Société des designers graphiques du Québec
- Abbreviation: SDGQ
- Founded: 1974
- Founder: Georges Beaupré, Roger Lafortune
- Type: Professional Association
- Registration no.: 1142549352
- Location: Montreal;
- Region served: Quebec
- Members: 300
- Official languages: French
- Key people: President Philippe Lamarre
- Affiliations: Icograda, CIDQ, Mission Design, CICQ
- Website: sdgq.ca
- Formerly called: Société des graphistes du Québec (SGQ)

= Société des designers graphiques du Québec =

The Société des designers graphiques du Québec (SDGQ) is the provincial graphic design association in the Canadian province of Quebec. (Note: Regarding GDC and RGD’s relationship, Brooker (2013) noted that “In 2003, the GDC cut the cord. Henceforth, graphic design organizations would trundle forward behind the standard Canadian troika: Ontario, Quebec and the rest of the country.”) Its stated aim is to advance the profession of graphic design in Quebec and to help its members develop both professionally and financially. Its activities include professional development, co-organizing the Grafika design awards competition, lobbying, and the DGA certification program. (Note: Brooker (2013) notes specifically that compared to the GDC and the RGD, “In Quebec, the SDGQ undertakes a similar scope of activities, despite its smaller size.)

The SDGQ has a reconciliatory role in the debate on graphic design certification in Canada.

==History==
The history of the SDGQ can be traced back to 1972 when Quebec graphic designers, Georges Beaupré and Roger Lafortune, formed a committee to found the Société des graphistes du Québec (SGQ). However, SGQ was not officially founded until 1974 when the new association was incorporated. In 1995 the SGQ replaced the word “graphistes” (graphic designers or graphic artists) in its name with “designers graphiques” (graphic designers), changing its name to Société des designers graphiques du Québec (SDGQ).

On June 14, 2011, during its annual general meeting, the SDGQ officially launched its certification program for graphic designers in Quebec.

In 2013 the SDGQ adopted a new visual identity, replacing its existing “dg” wordmark with a new “SDGQ” wordmark.

==Certification==
SDGQ members working in the field of graphic design who have accumulated a minimum of 7 years of combined professional experience and education in graphic design can apply to be certified. Candidates are required to submit their portfolios to a panel of three DGA-certified judges for an anonymous review. During the review, the candidate's work is evaluated according to three criteria, namely, pertinence, responsibility, and creativity. Certified members are accredited with a Designer graphique agréé, DGA.

DGAs are required to follow SDGQ's code of ethics. There is a procedure in place to investigate DGAs who are accused of violating the code of ethics; violators can receive penalties up to and including having their DGA titles revoked.

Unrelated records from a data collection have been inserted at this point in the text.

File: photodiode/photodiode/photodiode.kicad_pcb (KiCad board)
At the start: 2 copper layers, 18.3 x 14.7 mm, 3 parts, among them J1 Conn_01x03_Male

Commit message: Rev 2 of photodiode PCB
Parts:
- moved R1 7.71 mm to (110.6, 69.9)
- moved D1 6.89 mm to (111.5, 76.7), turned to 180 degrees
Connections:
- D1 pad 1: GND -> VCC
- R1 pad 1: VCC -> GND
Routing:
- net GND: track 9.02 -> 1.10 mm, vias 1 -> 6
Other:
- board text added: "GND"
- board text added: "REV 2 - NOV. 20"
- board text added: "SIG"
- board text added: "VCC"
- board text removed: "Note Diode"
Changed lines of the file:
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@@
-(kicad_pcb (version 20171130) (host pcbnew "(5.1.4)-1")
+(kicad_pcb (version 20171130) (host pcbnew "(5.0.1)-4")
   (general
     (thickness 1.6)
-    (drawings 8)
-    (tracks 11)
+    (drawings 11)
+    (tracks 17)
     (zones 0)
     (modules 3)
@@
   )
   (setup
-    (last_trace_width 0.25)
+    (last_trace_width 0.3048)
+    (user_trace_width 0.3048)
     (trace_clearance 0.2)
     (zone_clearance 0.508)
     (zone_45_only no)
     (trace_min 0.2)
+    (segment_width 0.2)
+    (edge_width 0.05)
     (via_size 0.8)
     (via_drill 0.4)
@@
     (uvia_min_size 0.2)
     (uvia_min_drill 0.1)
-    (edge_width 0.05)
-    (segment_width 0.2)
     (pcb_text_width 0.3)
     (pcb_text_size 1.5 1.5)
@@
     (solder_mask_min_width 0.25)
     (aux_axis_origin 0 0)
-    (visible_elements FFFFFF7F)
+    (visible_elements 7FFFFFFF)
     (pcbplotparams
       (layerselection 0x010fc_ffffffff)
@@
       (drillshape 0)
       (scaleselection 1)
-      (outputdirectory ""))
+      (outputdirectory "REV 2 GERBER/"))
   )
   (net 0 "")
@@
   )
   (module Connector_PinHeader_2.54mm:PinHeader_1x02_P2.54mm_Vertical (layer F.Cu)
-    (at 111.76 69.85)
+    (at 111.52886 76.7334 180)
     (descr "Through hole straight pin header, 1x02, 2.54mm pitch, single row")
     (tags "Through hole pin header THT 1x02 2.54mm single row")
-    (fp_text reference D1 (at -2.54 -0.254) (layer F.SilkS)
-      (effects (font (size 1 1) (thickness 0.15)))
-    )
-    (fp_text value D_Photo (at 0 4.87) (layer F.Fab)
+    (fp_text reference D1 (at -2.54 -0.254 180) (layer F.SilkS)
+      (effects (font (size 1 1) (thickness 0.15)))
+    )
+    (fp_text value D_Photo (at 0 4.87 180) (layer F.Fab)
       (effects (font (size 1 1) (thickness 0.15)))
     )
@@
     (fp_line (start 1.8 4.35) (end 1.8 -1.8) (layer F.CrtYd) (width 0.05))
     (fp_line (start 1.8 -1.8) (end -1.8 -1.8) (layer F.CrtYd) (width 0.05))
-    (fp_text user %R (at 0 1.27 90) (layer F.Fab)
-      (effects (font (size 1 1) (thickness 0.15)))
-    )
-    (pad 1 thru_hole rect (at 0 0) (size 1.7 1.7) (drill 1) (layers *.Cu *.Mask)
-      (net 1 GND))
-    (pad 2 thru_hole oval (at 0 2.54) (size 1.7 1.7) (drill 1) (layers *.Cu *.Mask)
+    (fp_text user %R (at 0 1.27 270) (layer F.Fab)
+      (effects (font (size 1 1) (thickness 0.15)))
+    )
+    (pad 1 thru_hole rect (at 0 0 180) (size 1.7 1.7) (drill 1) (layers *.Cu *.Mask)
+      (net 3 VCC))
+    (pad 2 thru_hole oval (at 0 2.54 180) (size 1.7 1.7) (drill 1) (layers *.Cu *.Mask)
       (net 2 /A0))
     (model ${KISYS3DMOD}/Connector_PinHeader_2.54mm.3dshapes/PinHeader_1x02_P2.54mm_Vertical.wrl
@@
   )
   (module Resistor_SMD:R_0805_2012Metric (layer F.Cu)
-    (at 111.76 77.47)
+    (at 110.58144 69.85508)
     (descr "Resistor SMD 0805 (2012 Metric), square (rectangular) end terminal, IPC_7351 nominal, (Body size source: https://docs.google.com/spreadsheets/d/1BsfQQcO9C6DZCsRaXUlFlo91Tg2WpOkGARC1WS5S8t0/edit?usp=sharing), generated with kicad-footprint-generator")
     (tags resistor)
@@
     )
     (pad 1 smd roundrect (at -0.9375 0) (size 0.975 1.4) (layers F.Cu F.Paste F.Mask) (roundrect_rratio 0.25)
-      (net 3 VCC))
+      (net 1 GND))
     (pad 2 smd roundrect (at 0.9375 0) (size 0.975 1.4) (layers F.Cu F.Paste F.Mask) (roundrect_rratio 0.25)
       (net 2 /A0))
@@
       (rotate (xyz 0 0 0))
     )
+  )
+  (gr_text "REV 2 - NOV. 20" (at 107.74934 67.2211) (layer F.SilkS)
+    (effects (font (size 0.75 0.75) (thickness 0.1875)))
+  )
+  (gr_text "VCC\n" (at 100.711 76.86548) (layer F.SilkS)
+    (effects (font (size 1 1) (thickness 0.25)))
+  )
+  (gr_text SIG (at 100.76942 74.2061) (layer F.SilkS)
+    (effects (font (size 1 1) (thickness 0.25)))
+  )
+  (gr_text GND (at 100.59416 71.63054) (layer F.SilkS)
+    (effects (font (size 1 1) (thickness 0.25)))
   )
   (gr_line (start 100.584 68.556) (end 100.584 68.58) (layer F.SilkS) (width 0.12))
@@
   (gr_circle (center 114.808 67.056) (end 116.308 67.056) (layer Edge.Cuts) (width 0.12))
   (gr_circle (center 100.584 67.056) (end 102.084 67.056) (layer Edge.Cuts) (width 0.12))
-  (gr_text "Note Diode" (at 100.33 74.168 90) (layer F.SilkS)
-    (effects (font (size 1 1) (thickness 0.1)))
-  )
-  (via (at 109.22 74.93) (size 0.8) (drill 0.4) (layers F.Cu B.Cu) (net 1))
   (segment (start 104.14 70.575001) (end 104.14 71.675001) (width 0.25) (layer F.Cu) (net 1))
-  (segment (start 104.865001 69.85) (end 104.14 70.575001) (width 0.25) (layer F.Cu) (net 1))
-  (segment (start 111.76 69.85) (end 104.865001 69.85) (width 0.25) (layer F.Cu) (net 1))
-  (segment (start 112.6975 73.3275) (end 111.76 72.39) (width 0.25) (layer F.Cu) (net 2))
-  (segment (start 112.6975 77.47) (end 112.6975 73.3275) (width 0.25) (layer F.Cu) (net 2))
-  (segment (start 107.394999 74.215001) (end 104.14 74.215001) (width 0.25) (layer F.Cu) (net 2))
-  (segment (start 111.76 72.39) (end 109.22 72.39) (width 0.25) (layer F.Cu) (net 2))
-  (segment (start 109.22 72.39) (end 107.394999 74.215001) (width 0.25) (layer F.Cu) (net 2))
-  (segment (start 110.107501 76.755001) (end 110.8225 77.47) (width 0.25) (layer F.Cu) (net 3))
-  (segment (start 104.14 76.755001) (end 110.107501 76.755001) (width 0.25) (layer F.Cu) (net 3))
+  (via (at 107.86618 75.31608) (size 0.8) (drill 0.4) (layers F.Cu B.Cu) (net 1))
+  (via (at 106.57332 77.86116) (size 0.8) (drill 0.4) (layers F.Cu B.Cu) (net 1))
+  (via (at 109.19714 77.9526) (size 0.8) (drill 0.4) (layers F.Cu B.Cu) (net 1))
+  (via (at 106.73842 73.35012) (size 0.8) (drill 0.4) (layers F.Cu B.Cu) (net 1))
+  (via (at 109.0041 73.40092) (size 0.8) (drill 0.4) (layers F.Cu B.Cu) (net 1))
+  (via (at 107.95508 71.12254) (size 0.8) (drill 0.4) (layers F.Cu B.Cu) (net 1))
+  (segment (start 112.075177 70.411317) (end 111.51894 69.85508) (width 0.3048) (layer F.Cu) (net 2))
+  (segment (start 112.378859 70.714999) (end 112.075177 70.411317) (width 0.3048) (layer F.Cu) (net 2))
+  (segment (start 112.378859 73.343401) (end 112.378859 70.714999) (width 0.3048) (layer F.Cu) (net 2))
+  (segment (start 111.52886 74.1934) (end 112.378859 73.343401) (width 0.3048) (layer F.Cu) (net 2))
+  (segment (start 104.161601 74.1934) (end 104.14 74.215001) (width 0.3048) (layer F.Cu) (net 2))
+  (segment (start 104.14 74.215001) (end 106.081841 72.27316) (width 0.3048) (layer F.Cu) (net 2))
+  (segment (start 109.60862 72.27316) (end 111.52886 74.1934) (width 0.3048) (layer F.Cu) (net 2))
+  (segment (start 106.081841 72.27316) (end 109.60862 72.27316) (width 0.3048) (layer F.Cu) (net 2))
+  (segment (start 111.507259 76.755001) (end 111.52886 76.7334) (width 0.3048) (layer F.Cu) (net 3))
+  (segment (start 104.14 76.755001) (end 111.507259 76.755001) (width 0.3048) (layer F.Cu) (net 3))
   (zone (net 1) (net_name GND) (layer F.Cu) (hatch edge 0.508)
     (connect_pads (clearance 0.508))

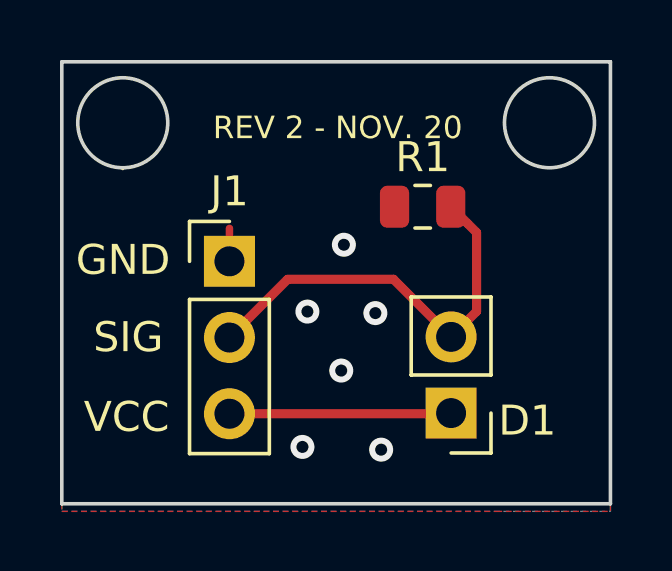
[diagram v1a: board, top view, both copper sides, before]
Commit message: Add voltage divider to photodiode circuit/pcb
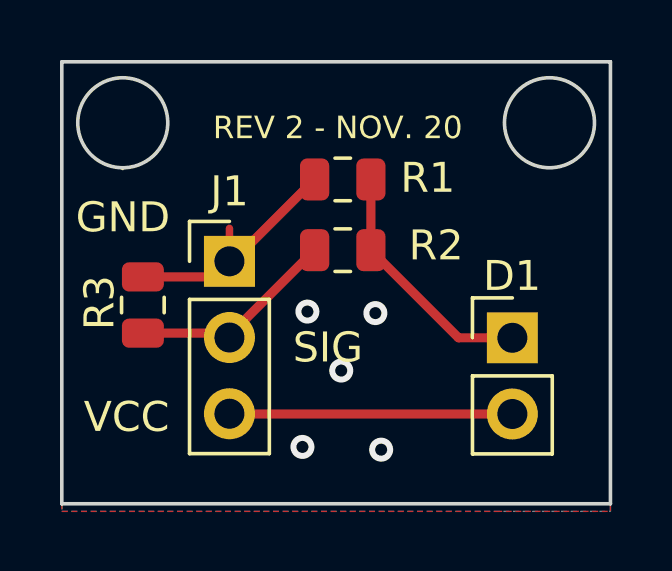
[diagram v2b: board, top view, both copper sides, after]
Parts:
- added R2: R, Resistor_SMD:R_0805_2012Metric, F.Cu at (107.9, 71.3)
- added R3: R, Resistor_SMD:R_0805_2012Metric, F.Cu at (101.3, 73.1)
- moved D1 3.24 mm to (113.6, 74.2), turned to 0 degrees
- moved R1 2.82 mm to (107.9, 68.9)
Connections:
- D1 pad 1: VCC -> Net-(D1-Pad1)
- D1 pad 2: /A0 -> VCC
- R1 pad 2: /A0 -> Net-(D1-Pad1)
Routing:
- net Net-(D1-Pad1): track 0.00 -> 8.28 mm
- net GND: track 1.10 -> 8.17 mm, vias 6 -> 5
- net /A0: track 14.1 -> 7.06 mm
- net VCC: track 7.40 -> 9.43 mm

A plan to align the DGA and RGD certifications was announced in 2012, and the written examination portion of the process was set to harmonize within 5 years. The DGA title is considered by the Association of Registered Graphic Designers to be the French equivalent of its RGD title.

==Affiliations==
SDGQ is a member of Icograda, the Conférence interprofessionnelle du design du Québec (CIDQ), Mission Design, and the Conseil de l’industrie des communications de Québec (CICQ). It also has formal partnerships with the Society of Graphic Designers of Canada, the Association of Registered Graphic Designers of Ontario, and Infopress, a publishing company.

==Publications==
SDGQ has published two books, the Guide de gestion et de pratique professionnelle du designer graphique (the graphic designer's guide to management and professional practice) for graphic designers in Quebec, and Devenir designer graphique : guide sur l'éducation en design graphique au Québec (becoming a graphic designer: a guide to graphic design education in Quebec).

SDGQ also publishes a blog called Œil pour œil, which has entered a period of hiatus since 2011.